DATA FOR ANALYSIS
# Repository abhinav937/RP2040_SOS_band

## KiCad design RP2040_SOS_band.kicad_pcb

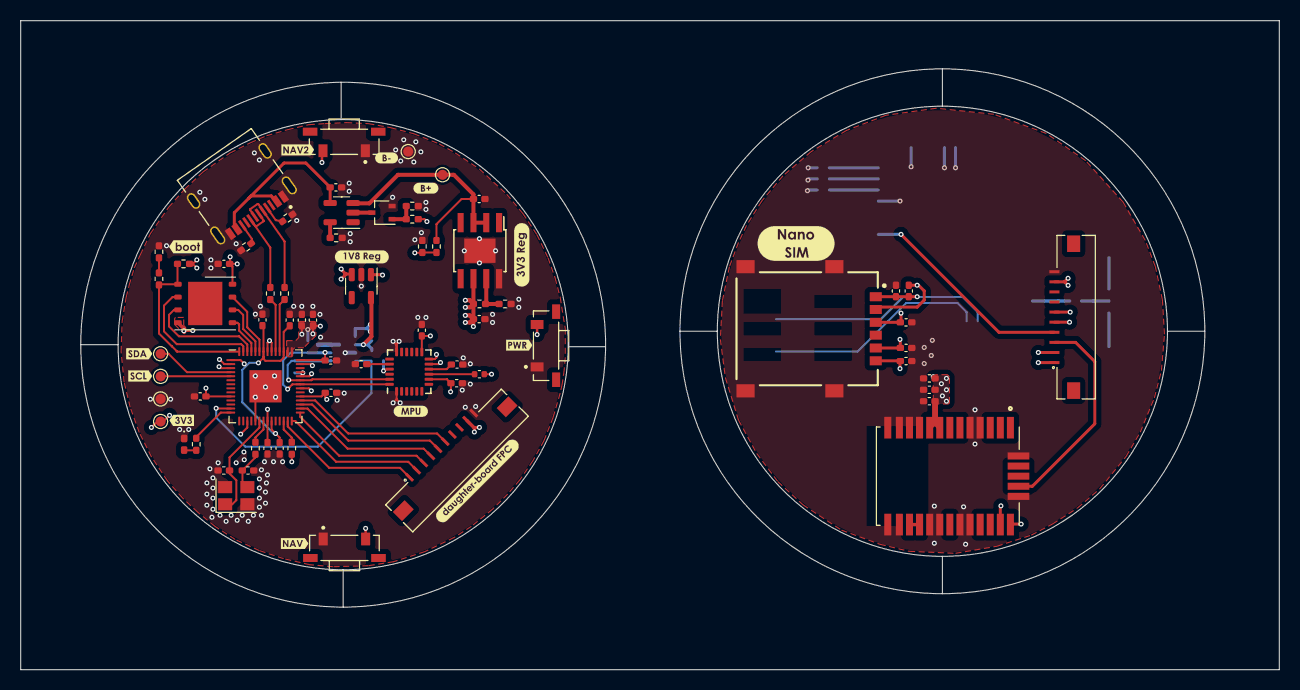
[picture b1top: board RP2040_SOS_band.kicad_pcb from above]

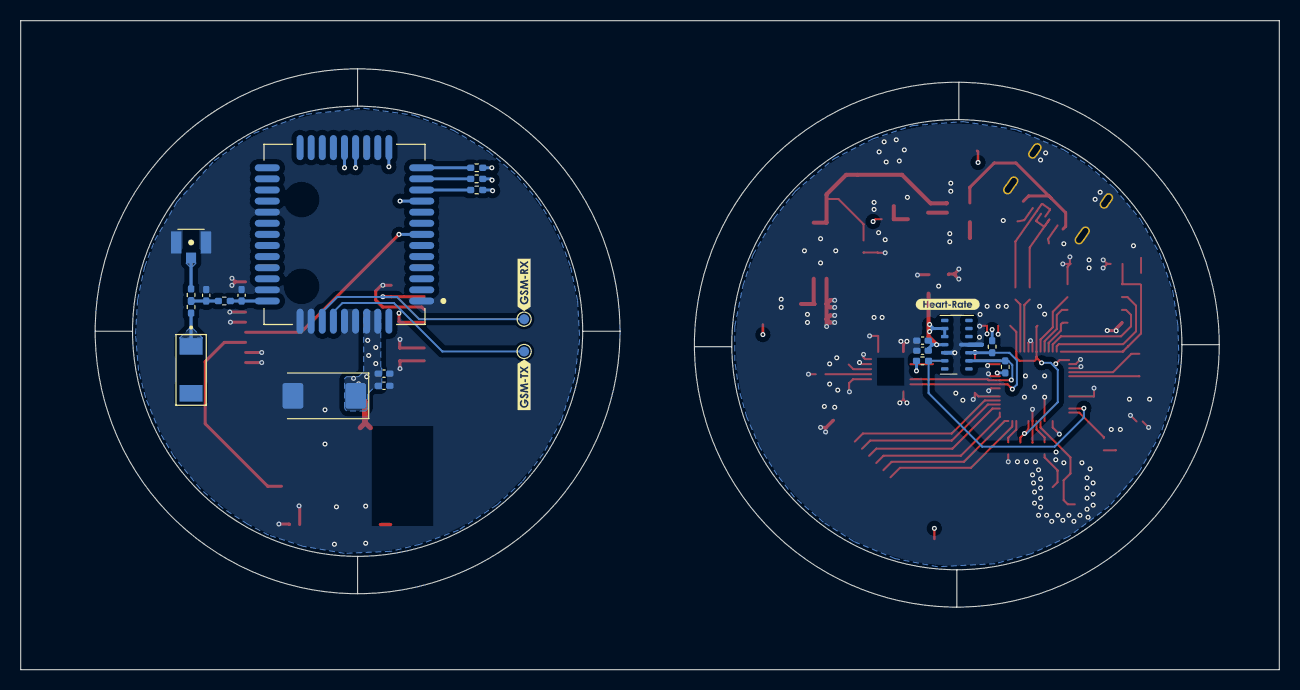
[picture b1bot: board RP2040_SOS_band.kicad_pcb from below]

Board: 4 copper layers, 124.7 x 64.3 mm, 107 parts (25 on the bottom side), 71 nets.

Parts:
C1, C2, C3, C4, C5, C6, C7, C8, C9, C12, C21, C22, C23, C36: 10uF; C_0402_1005Metric_Pad0.74x0.62mm_HandSolder
C10, C16, C18, C19, C20: 0.1uF; C_0402_1005Metric_Pad0.74x0.62mm_HandSolder
C11: 10pF; C_0402_1005Metric_Pad0.74x0.62mm_HandSolder
C13, C14: 27pF; C_0402_1005Metric_Pad0.74x0.62mm_HandSolder
C15: 100pF; C_0402_1005Metric_Pad0.74x0.62mm_HandSolder
C17: 2.2nF; C_0402_1005Metric_Pad0.74x0.62mm_HandSolder
C24, C25, C26, C27, C31: 30pF; C_0402_1005Metric_Pad0.74x0.62mm_HandSolder
C28, C30: 100nF; C_0402_1005Metric_Pad0.74x0.62mm_HandSolder
C29: 470uF; CP_EIA-7343-30_AVX-N
C32, C33: NC; C_0402_1005Metric_Pad0.74x0.62mm_HandSolder
D1: RED; LED_0402_1005Metric_Pad0.77x0.64mm_HandSolder
E1: NN02-201; XCVR_NN02-201
J1: TYPE_C-31M12; HRO_TYPE-C-31-M-12
J2: SIM8060-6-0-14-00-A; GCT_SIM8060-6-0-14-00-A
J3: 10Pin FPC TOP Board; 686110183522
J4: 10Pin FPC Bottom board; 686110183522
J5: U.FL-R-SMT-1(10); HRS_U.FL-R-SMT-1(10)
JP1: I2C address change; C_0402_1005Metric
Q1: BSS214; SOT-323_SC-70
R1, R2: 27; R_0402_1005Metric_Pad0.72x0.64mm_HandSolder
R3, R4, R7, R19: 1k; R_0402_1005Metric_Pad0.72x0.64mm_HandSolder
R5, R9, R13, R18: 10k; R_0402_1005Metric_Pad0.72x0.64mm_HandSolder
R6, R8, R14, R15, R16: 5.1k; R_0402_1005Metric_Pad0.72x0.64mm_HandSolder
R10: 2.2k; R_0402_1005Metric_Pad0.72x0.64mm_HandSolder
R11: DNP/TP; R_0402_1005Metric_Pad0.72x0.64mm_HandSolder
R12, R23, R24: 0; R_0402_1005Metric_Pad0.72x0.64mm_HandSolder
R17: 27k; R_0402_1005Metric_Pad0.72x0.64mm_HandSolder
R20, R21, R22: 22; R_0402_1005Metric_Pad0.72x0.64mm_HandSolder
R25: 162k 1%; R_0402_1005Metric_Pad0.72x0.64mm_HandSolder
R26: 30.1k 1%; R_0402_1005Metric_Pad0.72x0.64mm_HandSolder
SW1: NAV2; SW_TL3330AF260QG
SW2: PWR; SW_TL3330AF260QG
SW3: NAV; SW_TL3330AF260QG
TP1: RXD; TestPoint_Pad_D1.0mm
TP2: TXD; TestPoint_Pad_D1.0mm
TP3: 3.3; TestPoint_Pad_D1.0mm
TP4: SDA; TestPoint_Pad_D1.0mm
TP5: SCL; TestPoint_Pad_D1.0mm
TP6: GND; TestPoint_Pad_D1.0mm
TP7: Bat+; TestPoint_Pad_D1.0mm
TP8: Bat-; TestPoint_Pad_D1.0mm
U1: RP2040; QFN-56-1EP_7x7mm_P0.4mm_EP3.2x3.2mm
U2: TPS7A7001DDA; TI_SO-PowerPAD-8
U3: W25Q32JVSS; WSON-8-1EP_6x5mm_P1.27mm_EP3.4x4.3mm
U4: MAX30102; Maxim_OLGA-14_3.3x5.6mm_P0.8mm
U5: MCP73831-2-OT; SOT-23-5
U6: MPU-6050; InvenSense_QFN-24_4x4mm_P0.5mm
U7: AP2127K-1.8; SOT-23-5
U8: L96; XCVR_L96
U10: M66; XCVR_M66
Y1: Crystal_GND24; Crystal_SMD_3225-4Pin_3.2x2.5mm
kibuzzard-648D8F43: G***; kibuzzard-648D8F43
kibuzzard-648D8F93: G***; kibuzzard-648D8F93
kibuzzard-648D8FB3: G***; kibuzzard-648D8FB3
kibuzzard-648D8FC5: G***; kibuzzard-648D8FC5
kibuzzard-648D90C6: G***; kibuzzard-648D90C6
kibuzzard-648D90E2: G***; kibuzzard-648D90E2
kibuzzard-648D91AF: G***; kibuzzard-648D91AF
kibuzzard-648D92FA: G***; kibuzzard-648D92FA
kibuzzard-648D902E: G***; kibuzzard-648D902E
kibuzzard-648D909E: G***; kibuzzard-648D909E
kibuzzard-648D920B: G***; kibuzzard-648D920B
kibuzzard-648D921A: G***; kibuzzard-648D921A
kibuzzard-648D944C: G***; kibuzzard-648D944C
kibuzzard-648D9126: G***; kibuzzard-648D9126
kibuzzard-648D9334: G***; kibuzzard-648D9334
kibuzzard-648D9374: G***; kibuzzard-648D9374
kibuzzard-648D9446: G***; kibuzzard-648D9446

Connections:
+1V1: C7.1, C8.1, C9.1, U1.23 (DVDD), U1.45 (VREG_VOUT), U1.50 (DVDD)
+1V8: C20.1, C21.1, U4.11 (VDD), U7.5 (VOUT)
+BATT: C23.1, R13.1, TP7.1, U2.2 (EN), U2.3 (IN), U5.3 (V_{BAT})
/RP2040/QSPI_CS: R4.2, R5.2, U1.56 (QSPI_SS), U3.1 (~CS)
/RP2040/QSPI_SCLK: U1.52 (QSPI_SCLK), U3.6 (CLK)
/RP2040/QSPI_SD0: U1.53 (QSPI_SD0), U3.5 (DI(IO0))
/RP2040/QSPI_SD1: U1.55 (QSPI_SD1), U3.2 (DO(IO1))
/RP2040/QSPI_SD2: U1.54 (QSPI_SD2), U3.3 (IO2)
/RP2040/QSPI_SD3: U1.51 (QSPI_SD3), U3.7 (IO3)
/RP2040/RUN: R3.2, U1.26 (RUN)
/RP2040/USB_N: R2.2, U1.46 (USB_DM)
/RP2040/USB_P: R1.2, U1.47 (USB_DP)
/quectel m66/SIM_CLK: R21.1, U10.13 (SIM_CLK)
/quectel m66/SIM_GND: C28.2, J2.C5 (GND), U10.10 (SIM_GND)
/quectel m66/SIM_IO: R22.1, U10.11 (SIM_DATA)
/quectel m66/SIM_RST: R20.1, U10.12 (SIM_RST)
/quectel m66/SIM_VDD: C27.1, C28.1, J2.C1 (VCC), U10.14 (SIM_VDD)
CHARGER_EN: R18.1, U1.38 (GPIO26_ADC0)
D+: J1.A6 (DP1), J1.B6 (DP2), R1.1
D-: J1.A7 (DN1), J1.B7 (DN2), R2.1
Force_ON: J3.3, U1.29 (GPIO18)
Force_ON_t: J4.3, U8.28 (FORCE_ON)
GND: C1.2, C2.2, C3.2, C4.2, C5.2, C6.2, C7.2, C8.2, C9.2, C10.2, C11.2, C12.2, C13.2, C14.2, C15.2, C16.2, C17.2, C18.2, C19.2, C20.2, C21.2, C22.1, C23.2, C24.2, C25.2, C26.2, C27.2, C29.2, C30.2, C31.2, C32.2, C33.2, C36.2, D1.1 (K), J1.A1_B12 (GND), J1.B1_A12 (GND), J1.S1 (SHIELD), J1.S2 (SHIELD), J1.S3 (SHIELD), J1.S4 (SHIELD), J2.S1 (SHIELD), J2.S2 (SHIELD), J2.S3 (SHIELD), J2.S4 (SHIELD), J3.10, J4.10, J5.1 (GND), J5.3 (GND), Q1.2 (S), R6.1, R8.2, R10.1, R11.1, R17.2, R19.1, R26.2, SW1.1, SW2.1, SW3.1, TP6.1, TP8.1, U1.19 (TESTEN), U1.57 (GND), U2.8 (GND), U2.9 (EP), U3.4 (GND), U4.4 (PGND), U4.12 (GND), U6.1 (CLKIN), U6.11 (FSYNC), U6.18 (GND), U7.2 (GND), U8.4 (GND), U8.5 (GND), U8.10 (GND), U8.11 (GND), U8.12 (GND), U8.13 (GND), U8.14 (GND), U8.15 (GND), U8.18 (GND), U8.19 (GND), U8.21 (GND), U8.22 (GND), U8.27 (GND), U8.31 (GND), U10.1 (AGND), U10.27 (GND), U10.34 (GND), U10.36 (GND), U10.37 (GND), U10.40 (GND), U10.41 (GND), Y1.2, Y1.4
GPS_RXD: J3.5, U1.31 (GPIO20)
GPS_RXD_t: J4.5, U8.26 (RXD1)
GPS_TXD: J3.6, U1.32 (GPIO21)
GPS_TXD_t: J4.6, U8.25 (TXD1)
GSM_RX: J3.1, U1.27 (GPIO16)
GSM_RX_t: J4.1, U10.18 (RXD)
GSM_TX: J3.2, U1.28 (GPIO17)
GSM_TX_t: J4.2, U10.17 (TXD)
Heart_rate_INT: R14.1, U1.13 (GPIO10), U4.13 (~INT)
MAX30102_SCL: R16.2, U1.37 (GPIO25), U4.2 (SCL), U6.23 (SCL)
MAX30102_SDA: R15.2, U1.36 (GPIO24), U4.3 (SDA), U6.24 (SDA)
MPU_INT: U1.35 (GPIO23), U6.12 (INT)
NAV_BUTTON: SW3.2, U1.17 (GPIO14)
NAV_BUTTON_2: SW1.2, U1.2 (GPIO0)
unnamed: C14.1, R7.1, Y1.3
unnamed: C32.1, R12.1, R23.2, R24.1
unnamed: D1.2 (A), R9.1
unnamed: E1.1, R24.2
unnamed: J1.A5 (CC1), R8.1
unnamed: J1.B5 (CC2), R6.2
unnamed: C24.1, J2.C3 (CLK), R21.2
unnamed: C25.1, J2.C7 (IO), R22.2
unnamed: C26.1, J2.C2 (RST), R20.2
unnamed: J5.2 (SIG), R12.2
unnamed: JP1.2 (B), U6.9 (AD0)
unnamed: Q1.3 (D), U5.2 (V_{SS})
unnamed: Q1.1 (G), R18.2, R19.2
unnamed: R4.1, R11.2
unnamed: R25.2, R26.1, U2.7 (FB)
unnamed: R10.2, U5.5 (PROG)
unnamed: C17.1, U6.20 (CPOUT)
unnamed: C19.1, U6.10 (REGOUT)
unnamed: U8.16 (RF_OUT), U8.17 (RF_IN)
unnamed: TP1.1, U10.38 (DBG_RXD)
unnamed: TP2.1, U10.39 (DBG_TXD)
unnamed: C33.1, R23.1, U10.35 (RF_ANT)
Onboard_LED: R9.2, U1.14 (GPIO11)
PWR_BUTTON: SW2.2, U1.3 (GPIO1)
PWR_KEY_GSM: J3.4, U1.30 (GPIO19)
PWR_KEY_GSM_t: J4.4, U10.7 (PWRKEY)
SCL_OLED: TP5.1, U1.5 (GPIO3)
SDA_OLED: TP4.1, U1.4 (GPIO2)
VBUS: C22.2, J1.A4_B9 (VBUS), J1.B4_A9 (VBUS), U5.4 (V_{DD})
VDD_3.3: C1.1, C2.1, C3.1, C4.1, C5.1, C6.1, C12.1, C16.1, C18.1, C36.1, J3.9, JP1.1 (A), R3.1, R5.1, R14.2, R15.1, R16.1, R25.1, TP3.1, U1.1 (IOVDD), U1.10 (IOVDD), U1.22 (IOVDD), U1.33 (IOVDD), U1.42 (IOVDD), U1.43 (ADC_AVDD), U1.44 (VREG_IN), U1.48 (USB_VDD), U1.49 (IOVDD), U2.6 (OUT), U3.8 (VCC), U4.9 (VLED+), U4.10 (VLED+), U6.8 (VLOGIC), U6.13 (VDD), U7.1 (VIN), U7.3 (EN)
VDD_3.3_t: C10.1, C11.1, C15.1, C29.1, C30.1, C31.1, J4.9, U8.8 (V_BCKP), U8.9 (VCC), U10.42 (VBAT), U10.43 (VBAT)
V_SENSE: R13.2, R17.1, U1.41 (GPIO29_ADC3)
XIN: C13.1, U1.20 (XIN), Y1.1
XOUT: R7.2, U1.21 (XOUT)

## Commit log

2023-05-12 created files
2023-05-12 added rp2040 and it's subcircuits in schematic
2023-05-16 almost final schematic
2023-05-19 assigned footprints and checked the schematic
2023-06-15 bottom board conn. done
2023-07-13 Final Design
2023-10-26 Create LICENSE

PROMPT
Pick every line containing the word "schematic" out of the material, and copy those lines.

RESPONSE BELOW
2023-05-12 added rp2040 and it's subcircuits in schematic
2023-05-16 almost final schematic
2023-05-19 assigned footprints and checked the schematic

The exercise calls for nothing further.